The lines to transcribe run from the top of the material below to the line with "lines of L3 L5", inclusive. Leave the pictures behind.
(Records supplied begins)
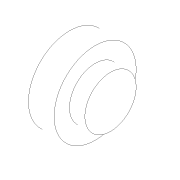
# Autodesk Inventor part: Remskive
Saved by Autodesk Inventor 2021 (Build 250183000, 183)
## iProperties
Created: 2020-11-11
Part Number: Remskive
Material: Steel
Document SubType Name: Modeling
Designer: Alfred Brauner
Density: 7.85 g/cm^3
Appearance: Plate
Mass: 87.7949 g
Surface Area: 32.4212 cm^2
Volume: 11.1841 cm^3
Author: Alfred Brauner
Autodesk Inventor part; units mm, degrees
ref_plane "YZ Plane" through (0, 0, 0) normal (1, 0, 0) x (0, 1, 0)
ref_plane "XZ Plane" through (0, 0, 0) normal (0, 1, 0) x (-1, 0, 0)
ref_plane "XY Plane" through (0, 0, 0) normal (0, 0, 1) x (1, 0, 0)
sketch "Sketch1" plane through (0, 0, 0) normal (0, 0, 1) x (1, 0, 0)
  line L0 (0, 0) -> (16, 0)
  line L1 (16, 0) -> (16, 10)
  line L2 (16, 10) -> (10, 10)
  line L3 (0, 0) -> (0, 16)
  line L4 (0, 16) -> (10, 16)
  line L5 (10, 16) -> (10, 10)
  dimension "d1" = 10
  dimension "d2" = 6
  dimension "d3" = 16
  dimension "d5" = 10
  constraints: 12 end point, 3 perpendicular, 2 horizontal, 1 vertical
  measures "d1" distance of L0.end L1.end
  measures "d2" distance of L1.end L2.end
  measures "d3" distance of L0.start L3.end
  measures "d5" distance between parallel lines of L3 L5
revolve "Revolution1" add sketch "Sketch1" angle 360 about axis through (0, 0, 0) along (1, 0, 0)
body "Solid1"
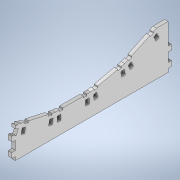
# Autodesk Inventor part: switchplate-support-06-ext
Saved by Autodesk Inventor 2020 (Build 240168000, 168)
## iProperties
Created: 2019-06-27
Material: Acier, galvanisé
Document SubType Name: Modeling
Designer: Thibault
Density: 7.85 g/cm^3
Appearance: Anodisé - Bronze foncé subtil
Mass: 11.7255 g
Surface Area: 33.7109 cm^2
Volume: 1.4937 cm^3
Part Number: switchplate-support-06-ext
sa_0: 0.400 nd
height_shift: 0,000 mm
base_height: 25,000 mm
switchplate_depth: 111,000 mm
Author: Thibault
Autodesk Inventor part; units mm, degrees
ref_plane "YZ Plane" through (0, 0, 0) normal (1, 0, 0) x (0, 1, 0)
ref_plane "XZ Plane" through (0, 0, 0) normal (0, 1, 0) x (-1, 0, 0)
ref_plane "XY Plane" through (0, 0, 0) normal (0, 0, 1) x (1, 0, 0)
sketch "Anchor (to extra support)" plane through (0, 0, 0) normal (0, 0, 1) x (1, 0, 0)
  line L0 (12.7767, 14.8837) -> (14.7767, 14.8837)
  line L1 (14.7767, 14.8837) -> (14.7767, 11.8837)
  line L2 (14.7767, 11.8837) -> (12.7767, 11.8837)
  line L3 (12.7767, 11.8837) -> (12.7767, 14.8837)
  point P0 (14.0267, 11.8837)
  dimension "d219" = 2
  dimension "d220" = 3
  measures "d219" distance of L1.end L2.end
  measures "d220" distance of L0.end L1.end
sketch "Unit" plane through (0, 0, 0) normal (0, 0, 1) x (1, 0, 0)
  line L0 (14.375, 16.4474) -> (15.075, 16.4474)
  line L1 (15.075, 16.4474) -> (15.075, 15.6474)
  line L2 (15.075, 15.6474) -> (17.075, 15.6474)
  line L3 (17.075, 15.6474) -> (17.075, 16.4474)
  line L4 (17.075, 16.4474) -> (22.875, 16.4474)
  line L5 (28.675, 16.4474) -> (28.675, 15.6474)
  line L6 (28.675, 15.6474) -> (30.675, 15.6474)
  line L7 (30.675, 15.6474) -> (30.675, 16.4474)
  line L8 (30.675, 16.4474) -> (31.375, 16.4474)
  line L9 (22.875, 19.1721) -> (22.875, 15.8971) construction
  line L10 (22.875, 16.4474) -> (28.675, 16.4474)
  line L11 (13.875, 14.0474) -> (15.875, 14.0474)
  line L12 (15.875, 14.0474) -> (15.875, 11.0474)
  line L13 (15.875, 11.0474) -> (13.875, 11.0474)
  line L14 (13.875, 11.0474) -> (13.875, 14.0474)
  line L15 (29.875, 14.0474) -> (31.875, 14.0474)
  line L16 (31.875, 14.0474) -> (31.875, 11.0474)
  line L17 (31.875, 11.0474) -> (29.875, 11.0474)
  line L18 (29.875, 11.0474) -> (29.875, 14.0474)
  point P0 (20.0288, 26.7181)
  dimension "d4" = 0.8
  dimension "d5" = 2
  dimension "d8" = 11.6
  dimension "d16" = 2
  dimension "d19" = 0.7
  dimension "d123" = 17
  dimension "d258" = 7
  dimension "d259" = 7
  dimension "d260" = 1.6
  measures "d4" distance of L1.start L1.end
  measures "d5" distance of L1.end L2.end
  measures "d8" distance of L5.start L3.end
  measures "d16" distance of L5.end L6.end
  measures "d19" distance of L7.end point (31.375, 16.447)
  measures "d123" distance of point (31.375, 16.447) point (14.375, 16.447)
sketch "Anchor (to main structure)" plane through (0, 0, 0) normal (0, 0, 1) x (1, 0, 0)
  line L0 (0, 0) -> (2, 0)
  line L1 (2, 0) -> (2, 1.75)
  line L2 (2, 0) -> (3, 0) construction
  line L3 (2.25, 2) -> (4.75, 2)
  line L4 (5, 1.75) -> (5, 0)
  line L5 (5, 2) -> (7, 2) construction
  line L6 (10, 0) -> (10, 1.75)
  line L7 (10.25, 2) -> (12.75, 2)
  line L8 (13, 1.75) -> (13, 0)
  line L9 (10, 0) -> (8.35, 0)
  line L10 (8.35, 0) -> (8.35, -2.5)
  line L11 (8.35, -2.5) -> (9.15, -2.5)
  line L12 (9.15, -2.5) -> (9.15, -4.5)
  line L13 (5.85, -4.5) -> (5.85, -2.5)
  line L14 (5.85, -2.5) -> (6.65, -2.5)
  line L15 (6.65, -2.5) -> (6.65, 0)
  line L16 (6.65, 0) -> (5, 0)
  line L17 (13, 0) -> (15, 0)
  line L18 (5.85, -4.5) -> (6.65, -4.5)
  line L19 (9.15, -4.5) -> (8.35, -4.5)
  line L20 (6.65, -4.5) -> (6.65, -6.5)
  line L21 (8.35, -4.5) -> (8.35, -6.5)
  arc A0 (6.65, -6.5) -> (8.35, -6.5) centre (7.5, -6.5) ccw
  arc A1 (2.25, 2) -> (2, 1.75) centre (2.25, 1.75) ccw
  arc A2 (5, 1.75) -> (4.75, 2) centre (4.75, 1.75) ccw
  arc A3 (10.25, 2) -> (10, 1.75) centre (10.25, 1.75) ccw
  arc A4 (13, 1.75) -> (12.75, 2) centre (12.75, 1.75) ccw
  point P0 (9.1321, -0.6227)
  point P1 (2, 2)
  point P2 (10, 2)
  point P3 (13, 2)
  dimension "d2" = 2
  dimension "d71" = 2
  dimension "d73" = 3
  dimension "d74" = 2
  dimension "d76" = 5
  dimension "d79" = 3
  dimension "d80" = 2
  dimension "d102" = 1.65
  dimension "d103" = 2.5
  dimension "d104" = 0.8
  dimension "d105" = 2
  dimension "d114" = 0.8
  dimension "d115" = 1.7
  dimension "d116" = 2.5
  dimension "d117" = 2
  dimension "d170" = 2
  dimension "d171" = 0.8
  dimension "d172" = 0.8
  dimension "d173" = 2
  dimension "d174" = 2
  dimension "d177" = 1.7
  dimension "d178" = 2
  dimension "d218" = 0.25
  measures "d2" distance of point (0, 0) L1.start
  measures "d71" distance of L1.start point (2, 2)
  measures "d73" distance of point (2, 2) L5.start
  measures "d74" distance of L5.start L16.end
  measures "d76" distance of L16.end L9.start
  measures "d79" distance of point (10, 2) point (13, 2)
  measures "d80" distance of point (13, 2) L8.end
  measures "d102" distance of L9.start L9.end
  measures "d103" distance of L9.end L10.end
  measures "d104" distance of L10.end L11.end
  measures "d105" distance of L11.end L12.end
  measures "d114" distance of L13.end L14.end
  measures "d115" distance of L15.end L9.end
  measures "d116" distance of L14.end L15.end
  measures "d117" distance of L9.start point (10, 2)
  measures "d170" distance of L8.end point (15, 0)
  measures "d171" distance of L13.start L18.end
  measures "d172" distance of L12.end L19.end
  measures "d173" distance of L18.end L20.end
  measures "d174" distance of L19.end L21.end
  measures "d177" distance of L18.end L19.end
  measures "d178" distance of L13.start L13.end
  measures "d218" radius of A1
sketch "Sketch1" plane through (0, 0, 0) normal (1, 0, 0) x (0, 1, 0)
  line L0 (0, -111) -> (25, -111)
  line L1 (0, 0) -> (0, -111)
  line L2 (25, 0) -> (0, 0)
  line L3 (25, -111) -> (25, -102.3511)
  line L4 (24.5231, -9.0226) -> (25, -8)
  line L5 (28.2121, -16.9724) -> (22.1003, -16.9724)
  line L6 (24.4083, -9.2688) -> (25, -8)
  line L7 (17.2238, -24.6761) -> (16.6322, -25.9449)
  line L8 (21.9473, -35.6102) -> (15.8356, -35.6102)
  line L9 (16.3291, -27.3117) -> (16.6322, -25.9449)
  line L10 (12.6497, -43.9087) -> (12.3467, -45.2756)
  line L11 (19.8511, -55.1756) -> (13.7394, -55.1756)
  line L12 (12.3467, -46.6756) -> (12.3467, -45.2756)
  line L13 (12.3467, -63.6756) -> (12.3467, -65.0756)
  line L14 (22.0358, -74.7409) -> (15.9241, -74.7409)
  line L15 (12.6497, -66.4424) -> (12.3467, -65.0756)
  line L16 (16.3291, -83.0394) -> (16.6322, -84.4062)
  line L17 (28.3566, -93.3787) -> (22.2449, -93.3787)
  line L18 (17.2238, -85.675) -> (16.6322, -84.4062)
  line L19 (24.4083, -101.0823) -> (25, -102.3511)
  line L20 (25, 0) -> (25, -8)
  line L21 (24.4083, -9.2688) -> (24.1125, -9.9032)
  line L22 (24.1125, -9.9032) -> (23.3875, -9.5652)
  line L23 (23.3875, -9.5652) -> (22.5422, -11.3778)
  line L24 (22.5422, -11.3778) -> (23.2673, -11.7159)
  line L25 (23.2673, -11.7159) -> (20.8161, -16.9724)
  line L26 (18.3649, -22.229) -> (17.6398, -21.8909)
  line L27 (17.6398, -21.8909) -> (16.7946, -23.7036)
  line L28 (16.7946, -23.7036) -> (17.5197, -24.0416)
  line L29 (17.5197, -24.0416) -> (17.2238, -24.6761)
  line L30 (23.2855, -18.1239) -> (20.3173, -16.7399) construction
  line L31 (20.8161, -16.9724) -> (18.3649, -22.229)
  line L32 (22.4445, -7.8014) -> (21.5993, -9.614)
  line L33 (21.5993, -9.614) -> (18.8803, -8.3462)
  line L34 (18.8803, -8.3462) -> (19.7256, -6.5335)
  line L35 (19.7256, -6.5335) -> (22.4445, -7.8014)
  line L36 (15.6826, -22.3023) -> (14.8374, -24.1149)
  line L37 (14.8374, -24.1149) -> (12.1185, -22.8471)
  line L38 (12.1185, -22.8471) -> (12.9637, -21.0345)
  line L39 (12.9637, -21.0345) -> (15.6826, -22.3023)
  line L40 (16.3291, -27.3117) -> (16.1776, -27.9951)
  line L41 (16.1776, -27.9951) -> (15.3966, -27.822)
  line L42 (15.3966, -27.822) -> (14.9637, -29.7746)
  line L43 (14.9637, -29.7746) -> (15.7448, -29.9477)
  line L44 (15.7448, -29.9477) -> (14.4894, -35.6102)
  line L45 (13.2341, -41.2727) -> (12.453, -41.0996)
  line L46 (12.453, -41.0996) -> (12.0201, -43.0522)
  line L47 (12.0201, -43.0522) -> (12.8012, -43.2253)
  line L48 (12.8012, -43.2253) -> (12.6497, -43.9087)
  line L49 (17.1495, -36.2) -> (13.9521, -35.4911) construction
  line L50 (14.4894, -35.6102) -> (13.2341, -41.2727)
  line L51 (14.0943, -26.3041) -> (13.6614, -28.2567)
  line L52 (13.6614, -28.2567) -> (10.7325, -27.6074)
  line L53 (10.7325, -27.6074) -> (11.1654, -25.6548)
  line L54 (11.1654, -25.6548) -> (14.0943, -26.3041)
  line L55 (10.6312, -41.9248) -> (10.1983, -43.8774)
  line L56 (10.1983, -43.8774) -> (7.2695, -43.2281)
  line L57 (7.2695, -43.2281) -> (7.7023, -41.2755)
  line L58 (7.7023, -41.2755) -> (10.6312, -41.9248)
  line L59 (12.3467, -46.6756) -> (12.3467, -47.3756)
  line L60 (12.3467, -47.3756) -> (11.5467, -47.3756)
  line L61 (11.5467, -47.3756) -> (11.5467, -49.3756)
  line L62 (11.5467, -49.3756) -> (12.3467, -49.3756)
  line L63 (12.3467, -49.3756) -> (12.3467, -55.1756)
  line L64 (12.3467, -60.9756) -> (11.5467, -60.9756)
  line L65 (11.5467, -60.9756) -> (11.5467, -62.9756)
  line L66 (11.5467, -62.9756) -> (12.3467, -62.9756)
  line L67 (12.3467, -62.9756) -> (12.3467, -63.6756)
  line L68 (15.0713, -55.1756) -> (11.7963, -55.1756) construction
  line L69 (12.3467, -55.1756) -> (12.3467, -60.9756)
  line L70 (9.9467, -46.1756) -> (9.9467, -48.1756)
  line L71 (9.9467, -48.1756) -> (6.9467, -48.1756)
  line L72 (6.9467, -48.1756) -> (6.9467, -46.1756)
  line L73 (6.9467, -46.1756) -> (9.9467, -46.1756)
  line L74 (9.9467, -62.1756) -> (9.9467, -64.1756)
  line L75 (9.9467, -64.1756) -> (6.9467, -64.1756)
  line L76 (6.9467, -64.1756) -> (6.9467, -62.1756)
  line L77 (6.9467, -62.1756) -> (9.9467, -62.1756)
  line L78 (12.6497, -66.4424) -> (12.8012, -67.1258)
  line L79 (12.8012, -67.1258) -> (12.0201, -67.2989)
  line L80 (12.0201, -67.2989) -> (12.453, -69.2515)
  line L81 (12.453, -69.2515) -> (13.2341, -69.0784)
  line L82 (13.2341, -69.0784) -> (14.4894, -74.7409)
  line L83 (15.7448, -80.4034) -> (14.9637, -80.5766)
  line L84 (14.9637, -80.5766) -> (15.3966, -82.5291)
  line L85 (15.3966, -82.5291) -> (16.1776, -82.356)
  line L86 (16.1776, -82.356) -> (16.3291, -83.0394)
  line L87 (17.1495, -74.1512) -> (13.9521, -74.86) construction
  line L88 (14.4894, -74.7409) -> (15.7448, -80.4034)
  line L89 (10.1983, -66.4737) -> (10.6312, -68.4263)
  line L90 (10.6312, -68.4263) -> (7.7023, -69.0756)
  line L91 (7.7023, -69.0756) -> (7.2695, -67.123)
  line L92 (7.2695, -67.123) -> (10.1983, -66.4737)
  line L93 (13.6614, -82.0944) -> (14.0943, -84.047)
  line L94 (14.0943, -84.047) -> (11.1654, -84.6963)
  line L95 (11.1654, -84.6963) -> (10.7325, -82.7437)
  line L96 (10.7325, -82.7437) -> (13.6614, -82.0944)
  line L97 (17.2238, -85.675) -> (17.5197, -86.3095)
  line L98 (17.5197, -86.3095) -> (16.7946, -86.6476)
  line L99 (16.7946, -86.6476) -> (17.6398, -88.4602)
  line L100 (17.6398, -88.4602) -> (18.3649, -88.1221)
  line L101 (18.3649, -88.1221) -> (20.8161, -93.3787)
  line L102 (23.2673, -98.6352) -> (22.5422, -98.9733)
  line L103 (22.5422, -98.9733) -> (23.3875, -100.786)
  line L104 (23.3875, -100.786) -> (24.1125, -100.4479)
  line L105 (24.1125, -100.4479) -> (24.4083, -101.0823)
  line L106 (23.2855, -92.2272) -> (20.3173, -93.6112) construction
  line L107 (20.8161, -93.3787) -> (23.2673, -98.6352)
  line L108 (14.8374, -86.2362) -> (15.6826, -88.0488)
  line L109 (15.6826, -88.0488) -> (12.9637, -89.3166)
  line L110 (12.9637, -89.3166) -> (12.1185, -87.504)
  line L111 (12.1185, -87.504) -> (14.8374, -86.2362)
  line L112 (21.5993, -100.7371) -> (22.4445, -102.5497)
  line L113 (22.4445, -102.5497) -> (19.7256, -103.8176)
  line L114 (19.7256, -103.8176) -> (18.8803, -102.005)
  line L115 (18.8803, -102.005) -> (21.5993, -100.7371)
  point P0 (0, -41.2578)
  point P1 (0, -43.2578)
  point P2 (0, -54.8578)
  point P3 (0, -56.8578)
  dimension "height" = 25
  dimension "d193" = 25
  dimension "k1_angle" = 115
  dimension "k1_a" = 1.4
  dimension "k1_b" = 1.4
  dimension "k2_angle" = 102.5
  dimension "k2_a" = 1.4
  dimension "k2_b" = 1.4
  dimension "k3_angle" = 90
  dimension "k3_a" = 1.4
  dimension "k3_b" = 1.4
  dimension "k4_angle" = 77.5
  dimension "k4_a" = 1.4
  dimension "k4_b" = 1.4
  dimension "k5_angle" = 65
  dimension "k5_a" = 1.4
  dimension "k5_b" = 1.4
  dimension "d257" = 8
  constraints: 42 end point, 12 horizontal, 4 vertical, 1 collinear, 1 vertical alignment, 19 other
  measures "height" distance of L2.start L1.start
  measures "d193" distance of L0.end L0.start
  measures "k1_a" distance of L4.end L6.start
  measures "k1_b" distance of L7.end L7.start
  measures "k2_a" distance of L9.start L7.end
  measures "k2_b" distance of L10.end L10.start
  measures "k3_angle" angle to the sketch y axis of L11
  measures "k3_a" distance of L12.start L10.end
  measures "k3_b" distance of L13.end L13.start
  measures "k4_a" distance of L15.start L13.end
  measures "k4_b" distance of L16.end L16.start
  measures "k5_a" distance of L18.start L16.end
  measures "k5_b" distance of L3.end L19.start
  measures "d257" distance of L2.start L4.end
extrude "Base" add sketch "Sketch1" along normal blind 2
sketch "Sketch2" plane through (0, 0, 0) normal (-1, 0, 0) x (0, 0, 1)
  line L0 (-109, 0) -> (-2, 0)
  line L1 (-179.6233, 19.237) -> (-179.6233, -29.346)
  line L2 (139.5944, 112.9292) -> (139.5944, -29.346)
  line L3 (139.5944, -29.346) -> (-179.6233, -29.346)
  line L4 (-111, 20) -> (-111, 0) construction
  line L5 (-109, 15) -> (-109, 103.8044)
  line L6 (-109, 103.8044) -> (-179.6233, 103.8044)
  line L7 (-179.6233, 103.8044) -> (-179.6233, 19.237)
  line L8 (-2, 15) -> (-2, 112.9292)
  line L9 (-2, 112.9292) -> (139.5944, 112.9292)
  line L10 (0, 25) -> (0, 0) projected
(Records supplied ends)
**Response area**
# Autodesk Inventor part: Remskive
Saved by Autodesk Inventor 2021 (Build 250183000, 183)
## iProperties
Created: 2020-11-11
Part Number: Remskive
Material: Steel
Document SubType Name: Modeling
Designer: Alfred Brauner
Density: 7.85 g/cm^3
Appearance: Plate
Mass: 87.7949 g
Surface Area: 32.4212 cm^2
Volume: 11.1841 cm^3
Author: Alfred Brauner
Autodesk Inventor part; units mm, degrees
ref_plane "YZ Plane" through (0, 0, 0) normal (1, 0, 0) x (0, 1, 0)
ref_plane "XZ Plane" through (0, 0, 0) normal (0, 1, 0) x (-1, 0, 0)
ref_plane "XY Plane" through (0, 0, 0) normal (0, 0, 1) x (1, 0, 0)
sketch "Sketch1" plane through (0, 0, 0) normal (0, 0, 1) x (1, 0, 0)
  line L0 (0, 0) -> (16, 0)
  line L1 (16, 0) -> (16, 10)
  line L2 (16, 10) -> (10, 10)
  line L3 (0, 0) -> (0, 16)
  line L4 (0, 16) -> (10, 16)
  line L5 (10, 16) -> (10, 10)
  dimension "d1" = 10
  dimension "d2" = 6
  dimension "d3" = 16
  dimension "d5" = 10
  constraints: 12 end point, 3 perpendicular, 2 horizontal, 1 vertical
  measures "d1" distance of L0.end L1.end
  measures "d2" distance of L1.end L2.end
  measures "d3" distance of L0.start L3.end
  measures "d5" distance between parallel lines of L3 L5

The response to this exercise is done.